Delis and Diners Kvetch Over Knish Shortage

| 17 Feb 2015 | 04:33

But for some, it's a blessing in disguise when customers have to buy their fresh knishes

Diners, delis and pushcarts nationwide let out a collective groan when they found out that Gabila knishes would be no more - at least for awhile.

Gabila is one of the largest mass producers of the knish - the Jewish mashed potato pies. Gabila halted the shipment of their famous "deep-fried and square" version of the starchy treat in September when a massive fire took out most of their factory on Long Island. Gabila's manager said he is skeptical that the factory will be up and running in time for Hanukkah, which begins on November 28 - also Thanksgiving - this year.

"The Gabila knish is an iconic New York food," said Arthur Schwartz, a radio personality and Brooklyn native known as the Food Maven. He has perfected a few knish recipes. "You could fry my recipes but it wouldn't taste like Gabila. It's like trying to make homemade Heinz ketchup." For delis like Fine and Schapiro on the Upper West Side, and Katz's Deli down on Houston Street, they and their customers have certainly missed the knishes, which have not been on their shelves in almost two months. Katz's co-owner Jake Dell said that before the shortage they used to sell 1,000 of the square knishes a week. Now they have to point customers to their latkes, which at this time of year, can be even more popular. "It's absolutely been a problem because our customers ask for it and we can't supply it," said Anthony Yuffe, the manager at Fine and Schapiro. "It's a very popular item, and we are absolutely concerned for Hanukkah. We don't make our own knishes so if we don't have them by then, we'll just have to wait."

But even with the hullabaloo, not everyone is missing the knishes.

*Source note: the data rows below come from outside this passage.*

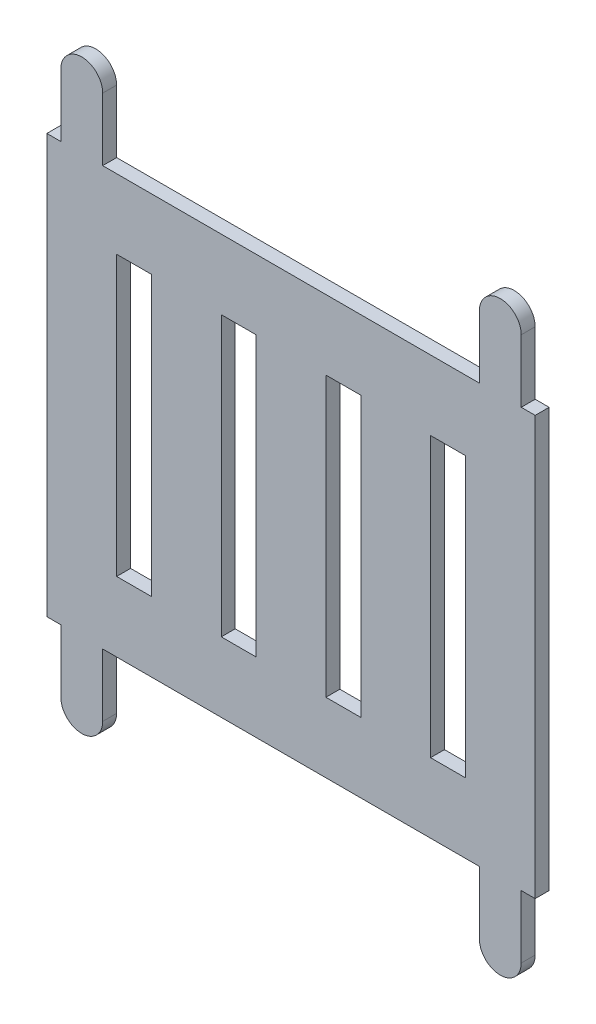
from build123d import *

# Parameters (mm, degrees)
SKETCH_1_W      = 5
SKETCH_1_H      = 40
EXTRUDE_1_DEPTH = 1


with BuildPart() as part:
    # 草图1 → 凸台-拉伸1 (new, symmetric)
    with BuildSketch(Plane.XY):
        with BuildLine():
            Line((2, 0), (2, -9))
            ThreePointArc((2, -9), (5, -12), (8, -9))
            Line((8, -9), (8, 0))
            Line((8, 0), (62, 0))
            Line((62, 0), (62, -9))
            ThreePointArc((62, -9), (65, -12), (68, -9))
            Line((68, -9), (68, 0))
            Line((68, 0), (70, 0))
            Line((70, 0), (70, 60))
            Line((70, 60), (68, 60))
            Line((68, 60), (68, 69))
            ThreePointArc((68, 69), (65, 72), (62, 69))
            Line((62, 69), (62, 60))
            Line((62, 60), (8, 60))
            Line((8, 60), (8, 69))
            ThreePointArc((8, 69), (5, 72), (2, 69))
            Line((2, 69), (2, 60))
            Line((2, 60), (0, 60))
            Line((0, 60), (0, 0))
            Line((0, 0), (2, 0))
        make_face()
        with Locations((12.5, 30)):
            Rectangle(SKETCH_1_W, SKETCH_1_H, mode=Mode.SUBTRACT)
        with Locations((27.5, 30)):
            Rectangle(SKETCH_1_W, SKETCH_1_H, mode=Mode.SUBTRACT)
        with Locations((42.5, 30)):
            Rectangle(SKETCH_1_W, SKETCH_1_H, mode=Mode.SUBTRACT)
        with Locations((57.5, 30)):
            Rectangle(SKETCH_1_W, SKETCH_1_H, mode=Mode.SUBTRACT)
    extrude(amount=EXTRUDE_1_DEPTH, both=True)


solid = part.part

"This shortage has affected us but we've had what I consider a positive effect," said Jack Lebewohl, whose sons own the 2nd Avenue Deli on the Upper East Side. "People come in and they'd buy the fried knish because they've been doing that since they were little, and now when people ask for it, we can't give it to them. Then they taste our knish and they love it."

Gabila knishes are sold all over New York in grocery stores, diners and on the Coney Island boardwalk. They have their own Facebook page. And ever since the fire, one entrepreneur is even trying to sell her Gabila knishes on EBay (they are going for 99 cents, but the shipping is a startling $45). Gabila has been around since 1921, and is a fourth-generation family-run business.

"People miss us, we're like God," said Gabila sales manager Mark Cohen. "They have childhood memories of our knishes. One must not miss their weekly knish."

Make Your Own Knishes - If You Dare

By Arthur Schwartz


Yield : Makes about 4 dozen

For the potato filling:

5 pounds Russet (baking) potatoes

1/3 cup vegetable oil, or rendered chicken fat for an old-time deli taste

6 cups coarsely chopped onions (about 2 pounds)

4 teaspoons salt, or more to taste (divided)

½ teaspoon freshly ground black pepper

For the dough:

½ cup hot tap water

½ cup canola, peanut, or other vegetable oil

2 eggs

1 teaspoon salt

¼ teaspoon freshly ground black pepper

3½ cups all-purpose flour (divided)

1 teaspoon baking powder

For the egg wash:

1 egg, well beaten


Make the filling:

Peel the potatoes, cut them into chunks, and place them in a large pot, covered with cold water by about an inch. Bring the water to a boil. Cook the potatoes until very tender, about 15 to 20 minutes, depending on the size of the chunks. Drain immediately in a colander.

Using a food mill with the medium blade or a ricer (do not use a food processor), work the potatoes into a smooth puree. Stir in 3 teaspoons of the salt (1 tablespoon) and the pepper.

While the potatoes cook, fry the onions. In a 12-inch skillet, heat the oil over fairly high heat. When the oil is hot but not smoking, add the onions and fry over medium-high heat, stirring regularly, until the onions are well wilted, about 8 minutes. Lower the heat to medium, and continue to fry, stirring only occasionally, until the onions begin to brown. (This could take as long as another 20 minutes.) As they cook, season the onions with the remaining 1 teaspoon salt.

Stir the onions into the mashed potatoes. Taste, and adjust the seasoning with salt and pepper (I like mine peppery). Cover and refrigerate until chilled.